• WORK TASK: In the listing below, tally the lines that hold "blind" and report that number by itself.

• RECORDED INFORMATION:

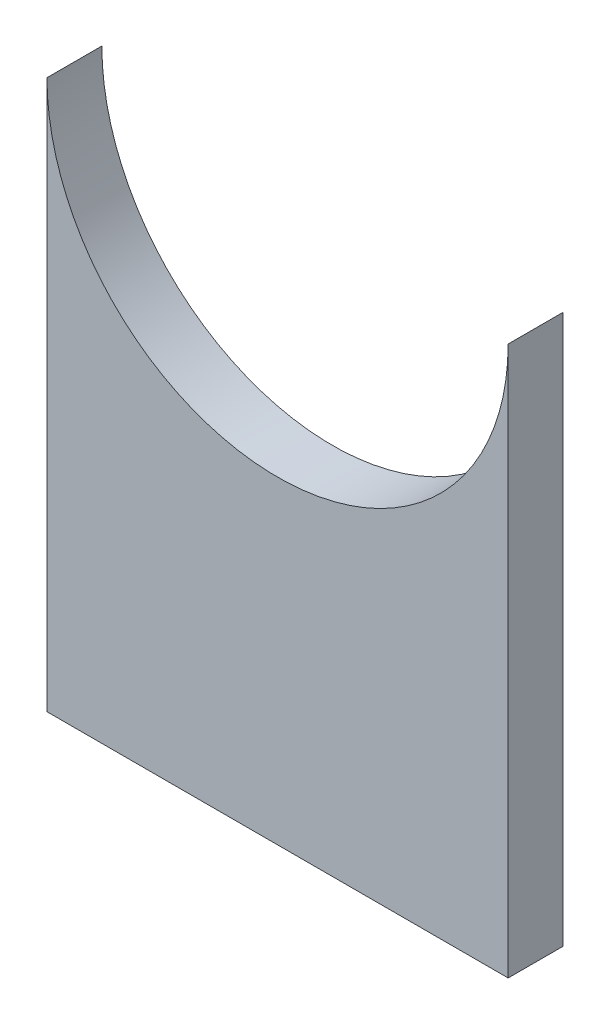
SolidWorks part; units mm, degrees
ref_plane "Front Plane" through (0, 0, 0) normal (0, 0, 1) x (1, 0, 0)
ref_plane "Top Plane" through (0, 0, 0) normal (0, 1, 0) x (1, 0, 0)
ref_plane "Right Plane" through (0, 0, 0) normal (1, 0, 0) x (0, 0, -1)
sketch "Sketch1" plane through (0, 0, 0) normal (0, 0, 1) x (1, 0, 0)
  line L0 (0, -63.5) -> (0, 36.9747) construction
  line L1 (-26.67, -63.5) -> (26.67, -63.5)
  line L2 (-26.67, -63.5) -> (-26.67, 0)
  line L4 (26.67, -63.5) -> (26.67, 0)
  line L5 (-26.67, -63.5) -> (26.67, 0) construction
  line L6 (-26.67, 0) -> (26.67, -63.5) construction
  line L7 (3.937, -50.8) -> (30.2612, -50.8) construction
  arc A0 (-26.67, 0) -> (26.67, 0) centre (0, 0) ccw
  point P3 (0, -31.75)
  dimension "D1" = 63.5
  dimension "D3" = 26.67
  dimension "D2" = 12.7
extrude "Boss-Extrude1" add sketch "Sketch1" along normal blind 6.35
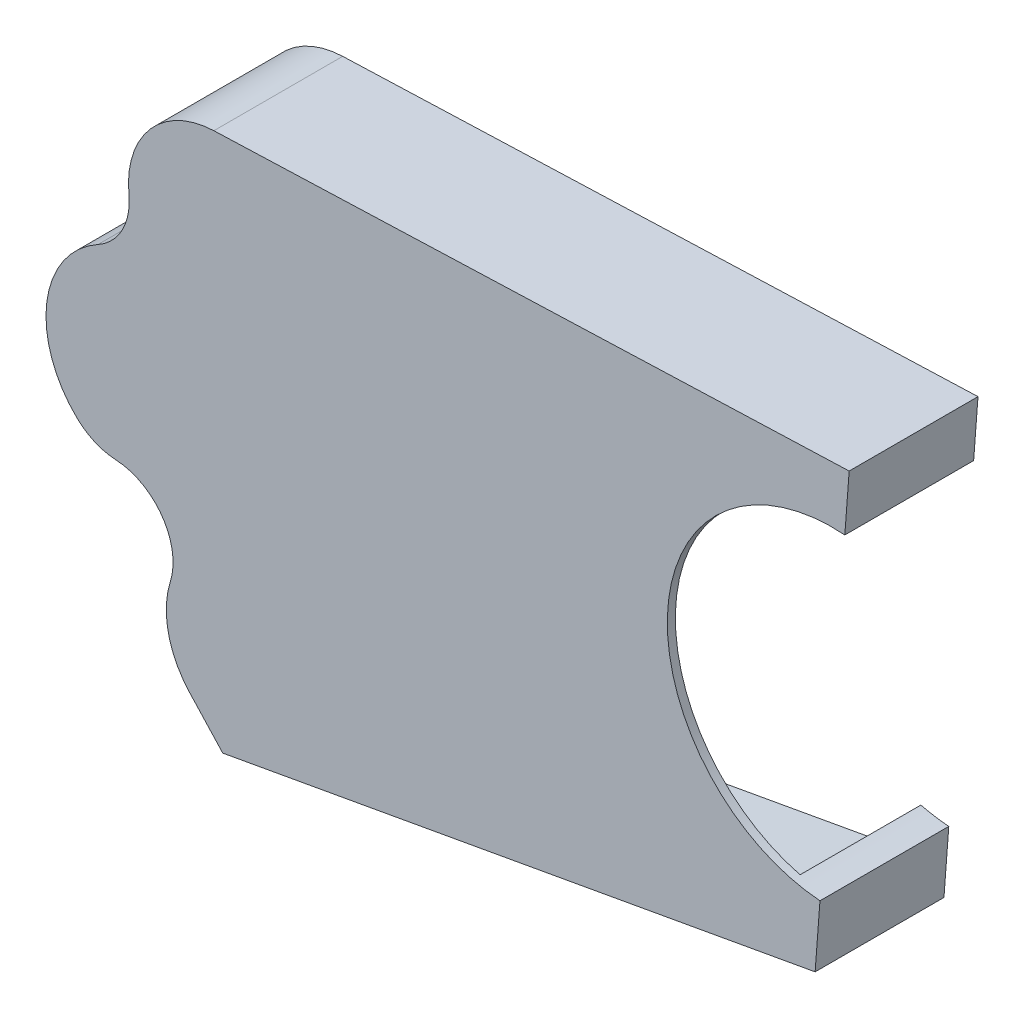
SolidWorks part; units mm, degrees
ref_plane "Front Plane" through (0, 0, 0) normal (0, 0, 1) x (1, 0, 0)
ref_plane "Top Plane" through (0, 0, 0) normal (0, 1, 0) x (1, 0, 0)
ref_plane "Right Plane" through (0, 0, 0) normal (1, 0, 0) x (0, 0, -1)
sketch "Sketch1" plane through (0, 0, 0) normal (0, 0, 1) x (1, 0, 0)
  line L8 (-119.5948, -74.4106) -> (-92.5405, -103.7404)
  line L9 (-119.5948, -74.4106) -> (-92.5405, -103.7404)
  line L10 (-71.3446, -104.5958) -> (-37.2211, -73.1197)
  line L11 (-71.3446, -104.5958) -> (-37.2211, -73.1197)
  line L16 (-27.1401, -68.1042) -> (68.9251, -50.7959)
  line L17 (-111.4072, -83.2869) -> (68.9251, -50.7959)
  line L18 (56.0883, 55.6165) -> (-113.6124, 49.4857)
  line L19 (56.0883, 55.6165) -> (-113.6124, 49.4857)
  line L20 (-114.4495, -69.6645) -> (-87.3952, -98.9943)
  line L21 (-114.4495, -69.6645) -> (-87.3952, -98.9943)
  line L22 (-76.0907, -99.4505) -> (-41.9673, -67.9744)
  line L23 (-76.0907, -99.4505) -> (-41.9673, -67.9744)
  line L28 (-28.3813, -61.2151) -> (67.6838, -43.9068)
  line L29 (-108.8671, -75.7165) -> (67.6838, -43.9068)
  line L30 (56.341, 48.621) -> (-113.3597, 42.4902)
  line L31 (56.341, 48.621) -> (-113.3597, 42.4902)
  line L32 (44.1846, 55.1864) -> (35.7309, -56.7765)
  line L33 (-27.1401, -68.1042) -> (68.9251, -50.7959) construction
  line L34 (-113.6124, 49.4857) -> (56.0883, 55.6165) construction
  line L35 (-111.6252, 43.3) -> (42.409, 31.6699) construction
  line L36 (36.6151, 47.9084) -> (29.1586, -50.848)
  arc A22 (-124.4228, -52.9336) -> (-137.9704, -33.4802) centre (-138.7403, -48.4604) ccw
  arc A23 (-124.4228, -52.9336) -> (-137.9704, -33.4802) centre (-138.7403, -48.4604) ccw
  arc A24 (-124.4228, -52.9336) -> (-119.5948, -74.4106) centre (-103.4238, -59.4942) ccw
  arc A25 (-124.4228, -52.9336) -> (-119.5948, -74.4106) centre (-103.4238, -59.4942) ccw
  arc A26 (-92.5405, -103.7404) -> (-71.3446, -104.5958) centre (-81.5148, -93.5701) ccw
  arc A27 (-92.5405, -103.7404) -> (-71.3446, -104.5958) centre (-81.5148, -93.5701) ccw
  arc A28 (-27.1401, -68.1042) -> (-37.2211, -73.1197) centre (-23.5699, -87.9191) ccw
  arc A29 (-27.1401, -68.1042) -> (-37.2211, -73.1197) centre (-23.5699, -87.9191) ccw
  arc A30 (68.9251, -50.7959) -> (91, -33.5) centre (63.6055, -21.2712) ccw
  arc A31 (68.9251, -50.7959) -> (91, -33.5) centre (63.6055, -21.2712) ccw
  arc A32 (91, -33.5) -> (80.2612, 44.7896) centre (22.6589, -2.9929) ccw
  arc A44 (91, -33.5) -> (80.2612, 44.7896) centre (22.6589, -2.9929) ccw
  arc A45 (80.2612, 44.7896) -> (56.0883, 55.6165) centre (57.1714, 25.636) ccw
  arc A46 (80.2612, 44.7896) -> (56.0883, 55.6165) centre (57.1714, 25.636) ccw
  arc A47 (-113.6124, 49.4857) -> (-134.7058, 25.2795) centre (-112.8181, 27.5) ccw
  arc A48 (-113.6124, 49.4857) -> (-134.7058, 25.2795) centre (-112.8181, 27.5) ccw
  arc A49 (-142.3827, 10.6321) -> (-134.7058, 25.2795) centre (-149.6292, 23.7656) ccw
  arc A50 (-142.3827, 10.6321) -> (-134.7058, 25.2795) centre (-149.6292, 23.7656) ccw
  arc A51 (-142.3827, 10.6321) -> (-147.5429, -29.3643) centre (-130.3054, -11.2571) ccw
  arc A52 (-142.3827, 10.6321) -> (-147.5429, -29.3643) centre (-130.3054, -11.2571) ccw
  arc A53 (-147.5429, -29.3643) -> (-137.9704, -33.4802) centre (-137.2004, -18.5) ccw
  arc A54 (-147.5429, -29.3643) -> (-137.9704, -33.4802) centre (-137.2004, -18.5) ccw
  arc A55 (-117.7413, -55.0211) -> (-137.611, -26.4895) centre (-138.7403, -48.4604) ccw
  arc A56 (-117.7413, -55.0211) -> (-137.611, -26.4895) centre (-138.7403, -48.4604) ccw
  arc A57 (-117.7413, -55.0211) -> (-114.4495, -69.6645) centre (-103.4238, -59.4942) ccw
  arc A58 (-117.7413, -55.0211) -> (-114.4495, -69.6645) centre (-103.4238, -59.4942) ccw
  arc A59 (-87.3952, -98.9943) -> (-76.0907, -99.4505) centre (-81.5148, -93.5701) ccw
  arc A60 (-87.3952, -98.9943) -> (-76.0907, -99.4505) centre (-81.5148, -93.5701) ccw
  arc A61 (-28.3813, -61.2151) -> (-41.9673, -67.9744) centre (-23.5699, -87.9191) ccw
  arc A62 (-28.3813, -61.2151) -> (-41.9673, -67.9744) centre (-23.5699, -87.9191) ccw
  arc A63 (67.6838, -43.9068) -> (84.608, -30.6466) centre (63.6055, -21.2712) ccw
  arc A73 (67.6838, -43.9068) -> (84.608, -30.6466) centre (63.6055, -21.2712) ccw
  arc A74 (84.608, -30.6466) -> (74.8736, 40.3204) centre (22.6589, -2.9929) ccw
  arc A75 (84.608, -30.6466) -> (74.8736, 40.3204) centre (22.6589, -2.9929) ccw
  arc A76 (74.8736, 40.3204) -> (56.341, 48.621) centre (57.1714, 25.636) ccw
  arc A77 (74.8736, 40.3204) -> (56.341, 48.621) centre (57.1714, 25.636) ccw
  arc A78 (-113.3597, 42.4902) -> (-127.7415, 25.986) centre (-112.8181, 27.5) ccw
  arc A79 (-113.3597, 42.4902) -> (-127.7415, 25.986) centre (-112.8181, 27.5) ccw
  arc A80 (-139.0011, 4.5031) -> (-127.7415, 25.986) centre (-149.6292, 23.7656) ccw
  arc A81 (-139.0011, 4.5031) -> (-127.7415, 25.986) centre (-149.6292, 23.7656) ccw
  arc A82 (-139.0011, 4.5031) -> (-142.7164, -24.2943) centre (-130.3054, -11.2571) ccw
  arc A83 (-139.0011, 4.5031) -> (-142.7164, -24.2943) centre (-130.3054, -11.2571) ccw
  arc A84 (-142.7164, -24.2943) -> (-137.611, -26.4895) centre (-137.2004, -18.5) ccw
  arc A85 (-142.7164, -24.2943) -> (-137.611, -26.4895) centre (-137.2004, -18.5) ccw
  circle A86 centre (40.0178, 0) radius 41
  arc A87 (29.9353, 38.7084) -> (0.6941, 7.3245) centre (40.0178, 0) ccw construction
  dimension "D4" = 1
  dimension "D3" = 7
  dimension "D1" = 0
  dimension "D2" = 7
extrude "Boss-Extrude1" add sketch "Sketch1" along normal blind 30 contours A52 A54 A23 A25 L9 A27 L11 A29 L17 A31 A44 A46 L19 A48 A50 A85 A83 A81 A79 L31 A77 A75 A73 L29 A62 L23 A60 L21 A58 A56 | A62 L29 L21 L17 L23 | L29 A62 L23 L17 L32 | A86 L36 L29 L32 | A86 L32 L31 L36 region at (-122.5189, -63.7868, 0) region at (-72.9993, -72.6407, 0) region at (-2.1687, -60.1476, 0) region at (32.9424, -45.3152, 0) region at (39.8821, 44.4918, 0)
sketch "Sketch3" plane through (0, 0, 30) normal (0, 0, 1) x (1, 0, 0)
  line L0 (-65.2656, 44.2277) -> (121.4688, -34.2162)
  line L1 (-113.3597, 42.4902) -> (36.6151, 47.9084) construction
  line L2 (29.1586, -50.848) -> (-108.8671, -75.7165) construction
  dimension "D1" = 33
sketch "Sketch4" plane through (0, 0, 30) normal (0, 0, 1) x (1, 0, 0)
  line L21 (-113.3597, 42.4902) -> (36.6151, 47.9084)
  line L22 (36.6151, 47.9084) -> (36.0792, 40.8104)
  line L23 (43.1047, 40.8836) -> (44.1846, 55.1864)
  line L24 (44.1846, 55.1864) -> (-113.6124, 49.4857)
  line L25 (-119.5948, -74.4106) -> (-111.4072, -83.2869)
  line L26 (-111.4072, -83.2869) -> (35.7309, -56.7765)
  line L27 (35.7309, -56.7765) -> (36.9309, -40.8836)
  line L28 (29.9961, -39.7563) -> (29.1586, -50.848)
  line L29 (29.1586, -50.848) -> (-108.8671, -75.7165)
  line L30 (-108.8671, -75.7165) -> (-114.4495, -69.6645)
  line L31 (-113.3597, 42.4902) -> (36.6151, 47.9084)
  line L32 (36.6151, 47.9084) -> (36.0792, 40.8104)
  line L33 (43.1047, 40.8836) -> (44.1846, 55.1864)
  line L34 (44.1846, 55.1864) -> (-113.6124, 49.4857)
  line L35 (-119.5948, -74.4106) -> (-111.4072, -83.2869)
  line L36 (-111.4072, -83.2869) -> (35.7309, -56.7765)
  line L37 (35.7309, -56.7765) -> (36.9309, -40.8836)
  line L38 (29.9961, -39.7563) -> (29.1586, -50.848)
  line L39 (29.1586, -50.848) -> (-108.8671, -75.7165)
  line L40 (-108.8671, -75.7165) -> (-114.4495, -69.6645)
  circle A14 centre (40.0178, 0) radius 41
  arc A28 (-142.7164, -24.2943) -> (-137.611, -26.4895) centre (-137.2004, -18.5) ccw
  arc A29 (-139.0011, 4.5031) -> (-142.7164, -24.2943) centre (-130.3054, -11.2571) ccw
  arc A30 (-139.0011, 4.5031) -> (-127.7415, 25.986) centre (-149.6292, 23.7656) ccw
  arc A31 (-113.3597, 42.4902) -> (-127.7415, 25.986) centre (-112.8181, 27.5) ccw
  arc A32 (43.1047, 40.8836) -> (36.0792, 40.8104) centre (40.0178, 0) ccw
  arc A33 (-113.6124, 49.4857) -> (-134.7058, 25.2795) centre (-112.8181, 27.5) ccw
  arc A34 (-142.3827, 10.6321) -> (-134.7058, 25.2795) centre (-149.6292, 23.7656) ccw
  arc A35 (-142.3827, 10.6321) -> (-147.5429, -29.3643) centre (-130.3054, -11.2571) ccw
  arc A36 (-147.5429, -29.3643) -> (-137.9704, -33.4802) centre (-137.2004, -18.5) ccw
  arc A37 (-124.4228, -52.9336) -> (-137.9704, -33.4802) centre (-138.7403, -48.4604) ccw
  arc A38 (-124.4228, -52.9336) -> (-119.5948, -74.4106) centre (-103.4238, -59.4942) ccw
  arc A39 (29.9961, -39.7563) -> (36.9309, -40.8836) centre (40.0178, 0) ccw
  arc A40 (-117.7413, -55.0211) -> (-114.4495, -69.6645) centre (-103.4238, -59.4942) ccw
  arc A41 (-117.7413, -55.0211) -> (-137.611, -26.4895) centre (-138.7403, -48.4604) ccw
  arc A42 (-142.7164, -24.2943) -> (-137.611, -26.4895) centre (-137.2004, -18.5) ccw
  arc A43 (-139.0011, 4.5031) -> (-142.7164, -24.2943) centre (-130.3054, -11.2571) ccw
  arc A44 (-139.0011, 4.5031) -> (-127.7415, 25.986) centre (-149.6292, 23.7656) ccw
  arc A45 (-113.3597, 42.4902) -> (-127.7415, 25.986) centre (-112.8181, 27.5) ccw
  arc A46 (43.1047, 40.8836) -> (36.0792, 40.8104) centre (40.0178, 0) ccw
  arc A47 (-113.6124, 49.4857) -> (-134.7058, 25.2795) centre (-112.8181, 27.5) ccw
  arc A48 (-142.3827, 10.6321) -> (-134.7058, 25.2795) centre (-149.6292, 23.7656) ccw
  arc A49 (-142.3827, 10.6321) -> (-147.5429, -29.3643) centre (-130.3054, -11.2571) ccw
  arc A50 (-147.5429, -29.3643) -> (-137.9704, -33.4802) centre (-137.2004, -18.5) ccw
  arc A51 (-124.4228, -52.9336) -> (-137.9704, -33.4802) centre (-138.7403, -48.4604) ccw
  arc A52 (-124.4228, -52.9336) -> (-119.5948, -74.4106) centre (-103.4238, -59.4942) ccw
  arc A53 (29.9961, -39.7563) -> (36.9309, -40.8836) centre (40.0178, 0) ccw
  arc A54 (-117.7413, -55.0211) -> (-114.4495, -69.6645) centre (-103.4238, -59.4942) ccw
  arc A55 (-117.7413, -55.0211) -> (-137.611, -26.4895) centre (-138.7403, -48.4604) ccw
  arc M25 (-137.611, -26.4895) -> (-142.7164, -24.2943) centre (-137.2004, -18.5) cw
  arc M26 (-142.7164, -24.2943) -> (-139.0011, 4.5031) centre (-130.3054, -11.2571) cw
  arc M27 (-139.0011, 4.5031) -> (-127.7415, 25.986) centre (-149.6292, 23.7656) ccw
  arc M28 (-127.7415, 25.986) -> (-113.3597, 42.4902) centre (-112.8181, 27.5) cw
  line M29 (-113.3597, 42.4902) -> (36.6151, 47.9084)
  line M30 (36.6151, 47.9084) -> (36.0792, 40.8104)
  arc M31 (36.0792, 40.8104) -> (43.1047, 40.8836) centre (40.0178, 0) cw
  line M32 (43.1047, 40.8836) -> (44.1846, 55.1864)
  line M33 (44.1846, 55.1864) -> (-113.6124, 49.4857)
  arc M34 (-113.6124, 49.4857) -> (-134.7058, 25.2795) centre (-112.8181, 27.5) ccw
  arc M35 (-134.7058, 25.2795) -> (-142.3827, 10.6321) centre (-149.6292, 23.7656) cw
  arc M36 (-142.3827, 10.6321) -> (-147.5429, -29.3643) centre (-130.3054, -11.2571) ccw
  arc M37 (-147.5429, -29.3643) -> (-137.9704, -33.4802) centre (-137.2004, -18.5) ccw
  arc M38 (-137.9704, -33.4802) -> (-124.4228, -52.9336) centre (-138.7403, -48.4604) cw
  arc M39 (-124.4228, -52.9336) -> (-119.5948, -74.4106) centre (-103.4238, -59.4942) ccw
  line M40 (-119.5948, -74.4106) -> (-111.4072, -83.2869)
  line M41 (-111.4072, -83.2869) -> (35.7309, -56.7765)
  line M42 (35.7309, -56.7765) -> (36.9309, -40.8836)
  arc M43 (36.9309, -40.8836) -> (29.9961, -39.7563) centre (40.0178, 0) cw
  line M44 (29.9961, -39.7563) -> (29.1586, -50.848)
  line M45 (29.1586, -50.848) -> (-108.8671, -75.7165)
  line M46 (-108.8671, -75.7165) -> (-114.4495, -69.6645)
  arc M47 (-114.4495, -69.6645) -> (-117.7413, -55.0211) centre (-103.4238, -59.4942) cw
  arc M48 (-117.7413, -55.0211) -> (-137.611, -26.4895) centre (-138.7403, -48.4604) ccw
  dimension "D1" = 0
extrude "Boss-Extrude2" add sketch "Sketch4" along normal blind 2 contours A14 M30 M29 M28 M27 M26 M25 M48 M47 M46 M45 M44 | M48 M25 M26 M27 M28 M29 M30 M31 M32 M33 M34 M35 M36 M37 M38 M39 M40 M41 M42 M43 M44 M45 M46 M47 region at (-125.9577, 38.9499, 30) region at (-60.3524, -9.964, 30)

• ANSWER BELOW: 3